** Exercise data follows **

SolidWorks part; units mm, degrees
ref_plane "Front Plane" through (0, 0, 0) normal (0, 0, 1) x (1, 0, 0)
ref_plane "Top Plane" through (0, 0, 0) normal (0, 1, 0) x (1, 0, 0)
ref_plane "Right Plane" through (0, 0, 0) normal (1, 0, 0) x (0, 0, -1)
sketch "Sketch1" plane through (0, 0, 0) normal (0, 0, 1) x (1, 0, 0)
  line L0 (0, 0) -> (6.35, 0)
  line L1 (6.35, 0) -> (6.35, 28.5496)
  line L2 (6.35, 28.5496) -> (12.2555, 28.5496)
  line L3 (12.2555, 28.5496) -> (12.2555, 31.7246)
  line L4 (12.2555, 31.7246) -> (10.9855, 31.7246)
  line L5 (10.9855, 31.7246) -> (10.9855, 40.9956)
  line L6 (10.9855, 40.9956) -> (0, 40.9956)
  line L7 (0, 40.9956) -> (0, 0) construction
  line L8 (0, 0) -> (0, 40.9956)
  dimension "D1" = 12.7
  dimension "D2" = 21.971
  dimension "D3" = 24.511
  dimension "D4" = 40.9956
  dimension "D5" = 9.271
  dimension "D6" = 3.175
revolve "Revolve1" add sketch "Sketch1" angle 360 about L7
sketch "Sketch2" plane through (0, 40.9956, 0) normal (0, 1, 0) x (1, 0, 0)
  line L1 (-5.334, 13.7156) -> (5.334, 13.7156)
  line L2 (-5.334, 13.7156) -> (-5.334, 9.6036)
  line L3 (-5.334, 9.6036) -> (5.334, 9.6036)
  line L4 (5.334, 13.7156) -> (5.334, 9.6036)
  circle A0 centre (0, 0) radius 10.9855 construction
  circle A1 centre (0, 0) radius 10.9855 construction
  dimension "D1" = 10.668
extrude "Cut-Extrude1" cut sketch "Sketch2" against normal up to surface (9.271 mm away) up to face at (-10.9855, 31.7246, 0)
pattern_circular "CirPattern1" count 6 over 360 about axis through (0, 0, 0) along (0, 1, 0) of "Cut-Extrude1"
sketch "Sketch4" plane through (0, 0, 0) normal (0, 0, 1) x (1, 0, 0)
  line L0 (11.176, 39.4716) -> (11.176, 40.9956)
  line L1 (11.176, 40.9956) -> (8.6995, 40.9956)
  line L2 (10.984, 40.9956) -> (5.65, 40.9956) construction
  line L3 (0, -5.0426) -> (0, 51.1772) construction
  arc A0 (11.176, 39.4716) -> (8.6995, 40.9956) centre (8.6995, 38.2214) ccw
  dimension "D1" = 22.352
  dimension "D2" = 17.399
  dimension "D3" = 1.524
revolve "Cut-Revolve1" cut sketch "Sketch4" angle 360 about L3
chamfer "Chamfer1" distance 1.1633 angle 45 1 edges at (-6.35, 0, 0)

** End of Exercise data **

▸ Exercise: Copy out the whole listing exactly.

▸ Answer box:
SolidWorks part; units mm, degrees
ref_plane "Front Plane" through (0, 0, 0) normal (0, 0, 1) x (1, 0, 0)
ref_plane "Top Plane" through (0, 0, 0) normal (0, 1, 0) x (1, 0, 0)
ref_plane "Right Plane" through (0, 0, 0) normal (1, 0, 0) x (0, 0, -1)
sketch "Sketch1" plane through (0, 0, 0) normal (0, 0, 1) x (1, 0, 0)
  line L0 (0, 0) -> (6.35, 0)
  line L1 (6.35, 0) -> (6.35, 28.5496)
  line L2 (6.35, 28.5496) -> (12.2555, 28.5496)
  line L3 (12.2555, 28.5496) -> (12.2555, 31.7246)
  line L4 (12.2555, 31.7246) -> (10.9855, 31.7246)
  line L5 (10.9855, 31.7246) -> (10.9855, 40.9956)
  line L6 (10.9855, 40.9956) -> (0, 40.9956)
  line L7 (0, 40.9956) -> (0, 0) construction
  line L8 (0, 0) -> (0, 40.9956)
  dimension "D1" = 12.7
  dimension "D2" = 21.971
  dimension "D3" = 24.511
  dimension "D4" = 40.9956
  dimension "D5" = 9.271
  dimension "D6" = 3.175
revolve "Revolve1" add sketch "Sketch1" angle 360 about L7
sketch "Sketch2" plane through (0, 40.9956, 0) normal (0, 1, 0) x (1, 0, 0)
  line L1 (-5.334, 13.7156) -> (5.334, 13.7156)
  line L2 (-5.334, 13.7156) -> (-5.334, 9.6036)
  line L3 (-5.334, 9.6036) -> (5.334, 9.6036)
  line L4 (5.334, 13.7156) -> (5.334, 9.6036)
  circle A0 centre (0, 0) radius 10.9855 construction
  circle A1 centre (0, 0) radius 10.9855 construction
  dimension "D1" = 10.668
extrude "Cut-Extrude1" cut sketch "Sketch2" against normal up to surface (9.271 mm away) up to face at (-10.9855, 31.7246, 0)
pattern_circular "CirPattern1" count 6 over 360 about axis through (0, 0, 0) along (0, 1, 0) of "Cut-Extrude1"
sketch "Sketch4" plane through (0, 0, 0) normal (0, 0, 1) x (1, 0, 0)
  line L0 (11.176, 39.4716) -> (11.176, 40.9956)
  line L1 (11.176, 40.9956) -> (8.6995, 40.9956)
  line L2 (10.984, 40.9956) -> (5.65, 40.9956) construction
  line L3 (0, -5.0426) -> (0, 51.1772) construction
  arc A0 (11.176, 39.4716) -> (8.6995, 40.9956) centre (8.6995, 38.2214) ccw
  dimension "D1" = 22.352
  dimension "D2" = 17.399
  dimension "D3" = 1.524
revolve "Cut-Revolve1" cut sketch "Sketch4" angle 360 about L3
chamfer "Chamfer1" distance 1.1633 angle 45 1 edges at (-6.35, 0, 0)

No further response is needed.